[Excerpted records — start]
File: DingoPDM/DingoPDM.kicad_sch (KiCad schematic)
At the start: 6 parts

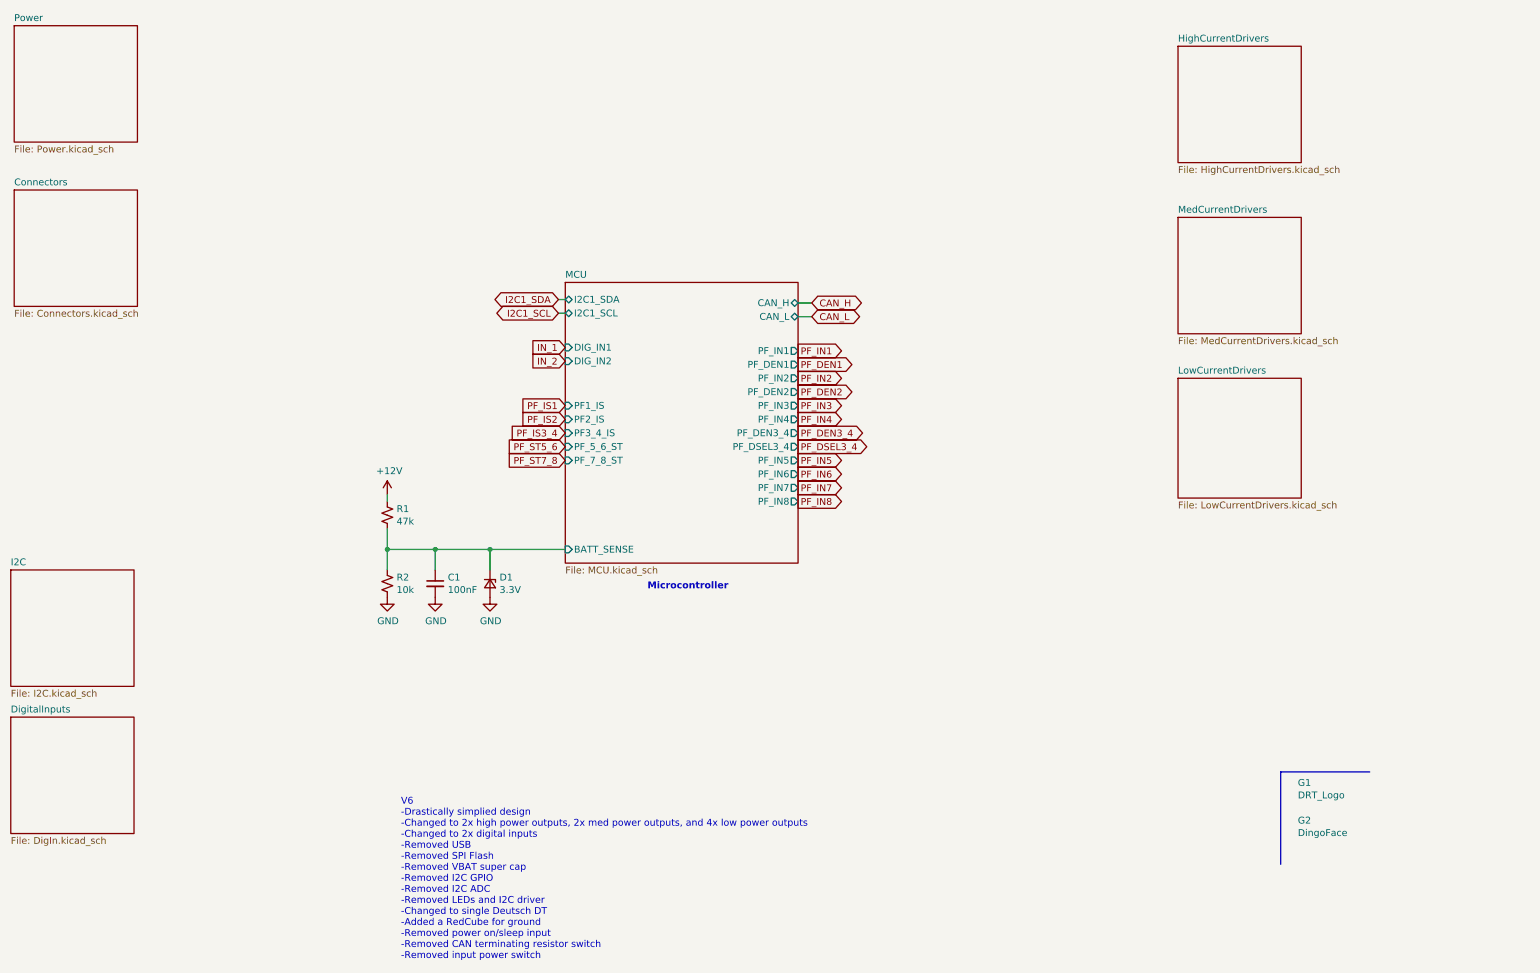
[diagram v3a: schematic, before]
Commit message: Changed to STM32F446RE
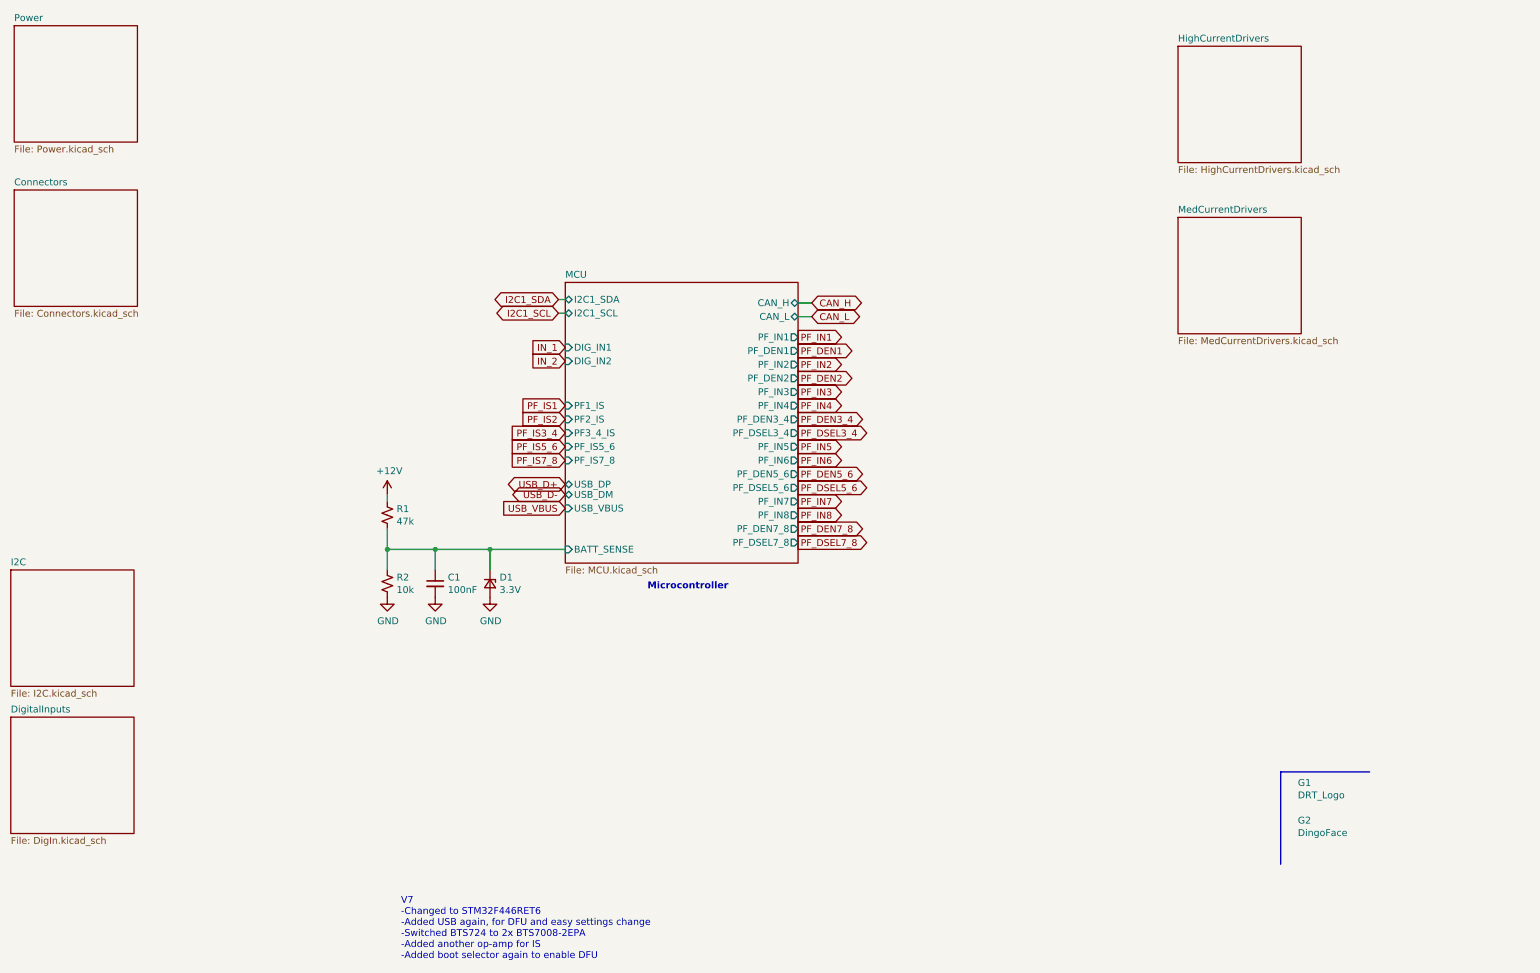
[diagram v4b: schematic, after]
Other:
- removed sheet LowCurrentDrivers
- sheet MCU ports: added PF_DEN5_6, PF_DEN7_8, PF_DSEL5_6, PF_DSEL7_8, PF_IS5_6, PF_IS7_8, USB_DM, USB_DP, USB_VBUS; removed PF_5_6_ST, PF_7_8_ST
- note added: "V7 -Changed to STM32F446RET6 -Added USB again, for DFU and easy settings change -Switched BTS724 to 2x BTS7008-2EPA -Added another op-amp for IS -Added boot selector again to enable DFU"
- note removed: "V6 -Drastically simplied design -Changed to 2x high power outputs, 2x med power outputs, and 4x low power outputs -Changed to 2x digital inputs -Removed USB -Removed SPI Flash -Removed VBAT super cap -Removed I2C GPIO -Removed I2C ADC -Removed LEDs and I2C driver -Changed to single Deutsch DT -Added a RedCube for ground -Removed power on/sleep input -Removed CAN terminating resistor switch -Remov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"

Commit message: Small edits
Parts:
- R1: value 47k -> 47K
- R2: value 10k -> 10K
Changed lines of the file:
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@@
       (effects (font (size 1.27 1.27)) (justify left))
     )
-    (property "Value" "47k" (at 86.1822 107.823 0)
+    (property "Value" "47K" (at 86.1822 107.823 0)
       (effects (font (size 1.27 1.27)) (justify left))
     )
@@
       (effects (font (size 1.27 1.27)) (justify left))
     )
-    (property "Value" "10k" (at 86.1822 120.523 0)
+    (property "Value" "10K" (at 86.1822 120.523 0)
       (effects (font (size 1.27 1.27)) (justify left))
     )

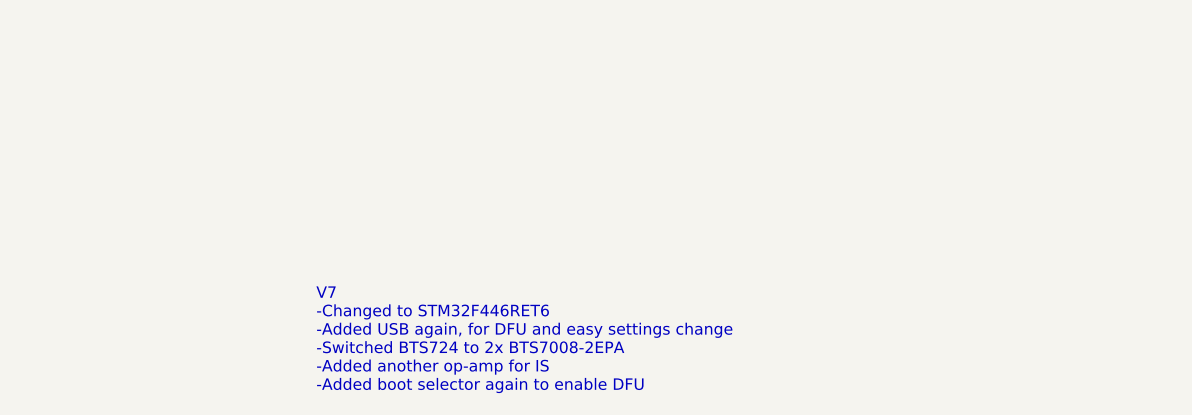
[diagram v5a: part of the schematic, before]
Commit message: V7.1 Fixes
SDA/SCL mixed up on FRAM, added status LEDs, switched to thermal relief zones
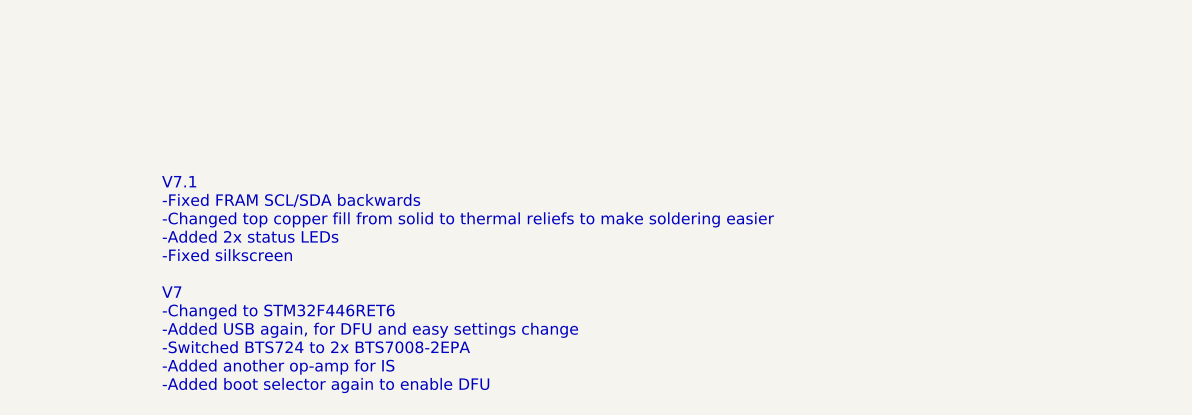
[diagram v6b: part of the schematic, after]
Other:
- note added: "V7.1 -Fixed FRAM SCL/SDA backwards -Changed top copper fill from solid to thermal reliefs to make soldering easier -Added 2x status LEDs -Fixed silkscreen V7 -Changed to STM32F446RET6 -Added USB again, for DFU and easy settings change -Switched BTS724 to 2x BTS7008-2EPA -Added another op-amp for IS -Added boot selector again to enable DFU"
- note removed: "V7 -Changed to STM32F446RET6 -Added USB again, for DFU and easy settings change -Switched BTS724 to 2x BTS7008-2EPA -Added another op-amp for IS -Added boot selector again to enable DFU"
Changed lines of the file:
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@@
   (title_block
     (title "Dingo_PDM")
-    (date "2023-07-28")
-    (rev "v6")
+    (date "2023-09-04")
+    (rev "v7.1")
     (comment 3 "github.com/corygrant")
     (comment 4 "Cory Grant")
@@
     (effects (font (size 1.27 1.27) (thickness 0.254) bold) (justify left bottom))
   )
-  (text "V7\n-Changed to STM32F446RET6\n-Added USB again, for DFU and easy settings change\n-Switched BTS724 to 2x BTS7008-2EPA\n-Added another op-amp for IS\n-Added boot selector again to enable DFU\n"
-    (at 86.995 189.23 0)
+  (text "V7.1\n-Fixed FRAM SCL/SDA backwards\n-Changed top copper fill from solid to thermal reliefs to make soldering easier\n-Added 2x status LEDs\n-Fixed silkscreen\n\nV7\n-Changed to STM32F446RET6\n-Added USB again, for DFU and easy settings change\n-Switched BTS724 to 2x BTS7008-2EPA\n-Added another op-amp for IS\n-Added boot selector again to enable DFU\n"
+    (at 69.85 189.23 0)
     (effects (font (size 1.27 1.27)) (justify left bottom))
   )

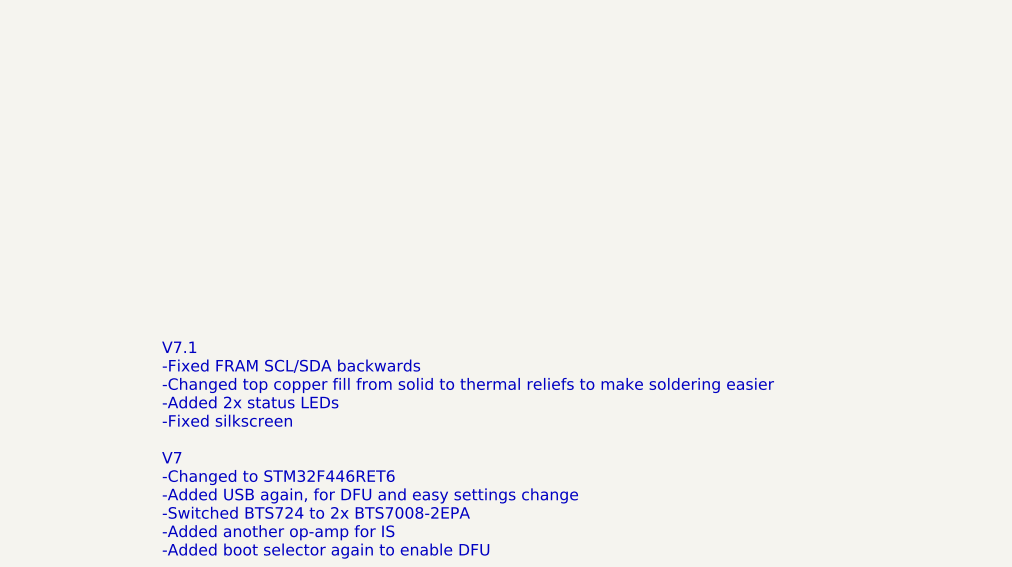
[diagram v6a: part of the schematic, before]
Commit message: Add diode, disconnect PB13, fix USB VBUS
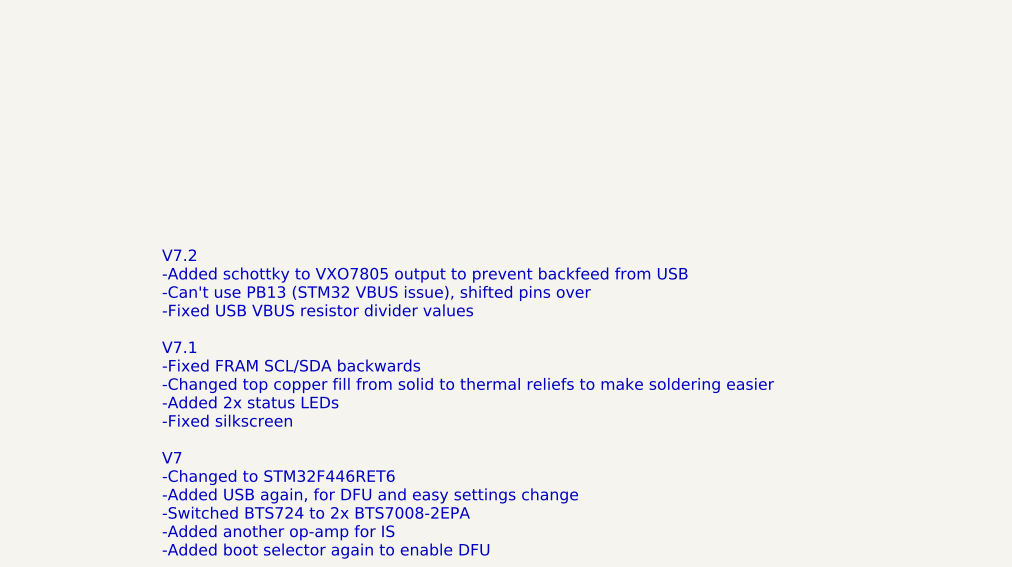
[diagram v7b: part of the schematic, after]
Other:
- note added: "V7.2 -Added schottky to VXO7805 output to prevent backfeed from USB -Can't use PB13 (STM32 VBUS issue), shifted pins over -Fixed USB VBUS resistor divider values V7.1 -Fixed FRAM SCL/SDA backwards -Changed top copper fill from solid to thermal reliefs to make soldering easier -Added 2x status LEDs -Fixed silkscreen V7 -Changed to STM32F446RET6 -Added USB again, for DFU and easy settings change -S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"
- note removed: "V7.1 -Fixed FRAM SCL/SDA backwards -Changed top copper fill from solid to thermal reliefs to make soldering easier -Added 2x status LEDs -Fixed silkscreen V7 -Changed to STM32F446RET6 -Added USB again, for DFU and easy settings change -Switched BTS724 to 2x BTS7008-2EPA -Added another op-amp for IS -Added boot selector again to enable DFU"
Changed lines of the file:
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@@
   (title_block
     (title "Dingo_PDM")
-    (date "2023-09-04")
-    (rev "v7.1")
+    (date "2023-09-11")
+    (rev "v7.2")
     (comment 3 "github.com/corygrant")
     (comment 4 "Cory Grant")
@@
     (effects (font (size 1.27 1.27) (thickness 0.254) bold) (justify left bottom))
   )
-  (text "V7.1\n-Fixed FRAM SCL/SDA backwards\n-Changed top copper fill from solid to thermal reliefs to make soldering easier\n-Added 2x status LEDs\n-Fixed silkscreen\n\nV7\n-Changed to STM32F446RET6\n-Added USB again, for DFU and easy settings change\n-Switched BTS724 to 2x BTS7008-2EPA\n-Added another op-amp for IS\n-Added boot selector again to enable DFU\n"
+  (text "V7.2\n-Added schottky to VXO7805 output to prevent backfeed from USB\n-Can't use PB13 (STM32 VBUS issue), shifted pins over\n-Fixed USB VBUS resistor divider values\n\nV7.1\n-Fixed FRAM SCL/SDA backwards\n-Changed top copper fill from solid to thermal reliefs to make soldering easier\n-Added 2x status LEDs\n-Fixed silkscreen\n\nV7\n-Changed to STM32F446RET6\n-Added USB again, for DFU and easy settings change\n-Switched BTS724 to 2x BTS7008-2EPA\n-Added another op-amp for IS\n-Added boot selector again to enable DFU\n"
     (at 69.85 189.23 0)
     (effects (font (size 1.27 1.27)) (justify left bottom))

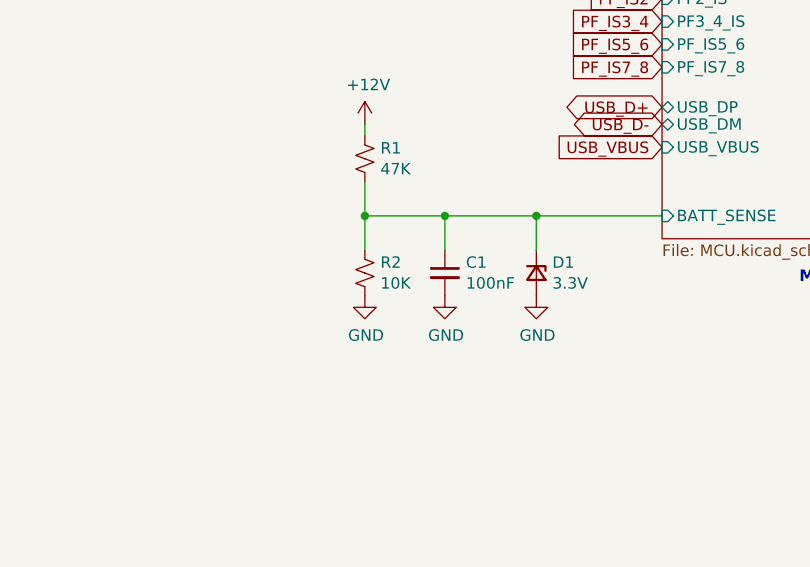
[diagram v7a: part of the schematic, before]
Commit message: Updated JLC zener diode part and batt volt divider
The previous zener diode had too low of a breakdown zener voltage.
The previous voltage divider was also too high of an output voltage, swapped R2 to lower the max voltage to well below the breakdown zener voltage
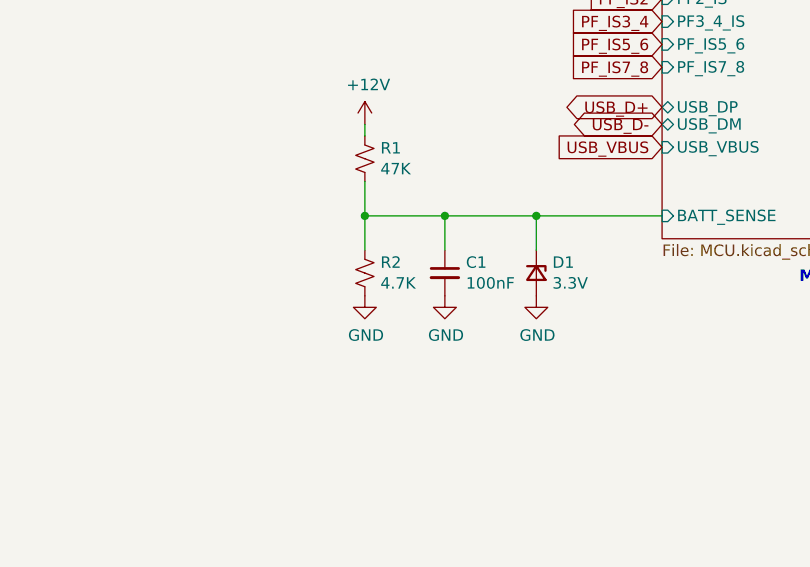
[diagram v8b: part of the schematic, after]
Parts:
- D1: LCSC C177016 -> C426855
- R2: value 10K -> 4.7K; Digi-Key_PN 311-10.0KCRDKR-ND -> 311-4.70KCRCT-ND; LCSC C17414 -> C17673
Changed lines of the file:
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@@
       (effects (font (size 1.27 1.27)) (justify left))
     )
-    (property "Value" "10K" (at 86.1822 120.523 0)
+    (property "Value" "4.7K" (at 86.1822 120.523 0)
       (effects (font (size 1.27 1.27)) (justify left))
     )
@@
       (effects (font (size 1.27 1.27)) hide)
     )
-    (property "Digi-Key_PN" "311-10.0KCRDKR-ND" (at 84.455 119.38 0)
+    (property "Digi-Key_PN" "311-4.70KCRCT-ND" (at 84.455 119.38 0)
       (effects (font (size 1.27 1.27)) hide)
     )
-    (property "LCSC" "C17414" (at 84.455 119.38 0)
+    (property "LCSC" "C17673" (at 84.455 119.38 0)
       (effects (font (size 1.27 1.27)) hide)
     )
@@
       (effects (font (size 1.27 1.27)) hide)
     )
-    (property "LCSC" "C177016" (at 103.505 119.38 0)
+    (property "LCSC" "C426855" (at 103.505 119.38 0)
       (effects (font (size 1.27 1.27)) hide)
     )
[Excerpted records — finish]
### Exercise brief:
Copy out exactly the lines running from the line with "- D1: LCSC C177016 -> C426855" to the end of the records, inclusive.

### Written answer:
- D1: LCSC C177016 -> C426855
- R2: value 10K -> 4.7K; Digi-Key_PN 311-10.0KCRDKR-ND -> 311-4.70KCRCT-ND; LCSC C17414 -> C17673
Changed lines of the file:
@@
       (effects (font (size 1.27 1.27)) (justify left))
     )
-    (property "Value" "10K" (at 86.1822 120.523 0)
+    (property "Value" "4.7K" (at 86.1822 120.523 0)
       (effects (font (size 1.27 1.27)) (justify left))
     )
@@
       (effects (font (size 1.27 1.27)) hide)
     )
-    (property "Digi-Key_PN" "311-10.0KCRDKR-ND" (at 84.455 119.38 0)
+    (property "Digi-Key_PN" "311-4.70KCRCT-ND" (at 84.455 119.38 0)
       (effects (font (size 1.27 1.27)) hide)
     )
-    (property "LCSC" "C17414" (at 84.455 119.38 0)
+    (property "LCSC" "C17673" (at 84.455 119.38 0)
       (effects (font (size 1.27 1.27)) hide)
     )
@@
       (effects (font (size 1.27 1.27)) hide)
     )
-    (property "LCSC" "C177016" (at 103.505 119.38 0)
+    (property "LCSC" "C426855" (at 103.505 119.38 0)
       (effects (font (size 1.27 1.27)) hide)
     )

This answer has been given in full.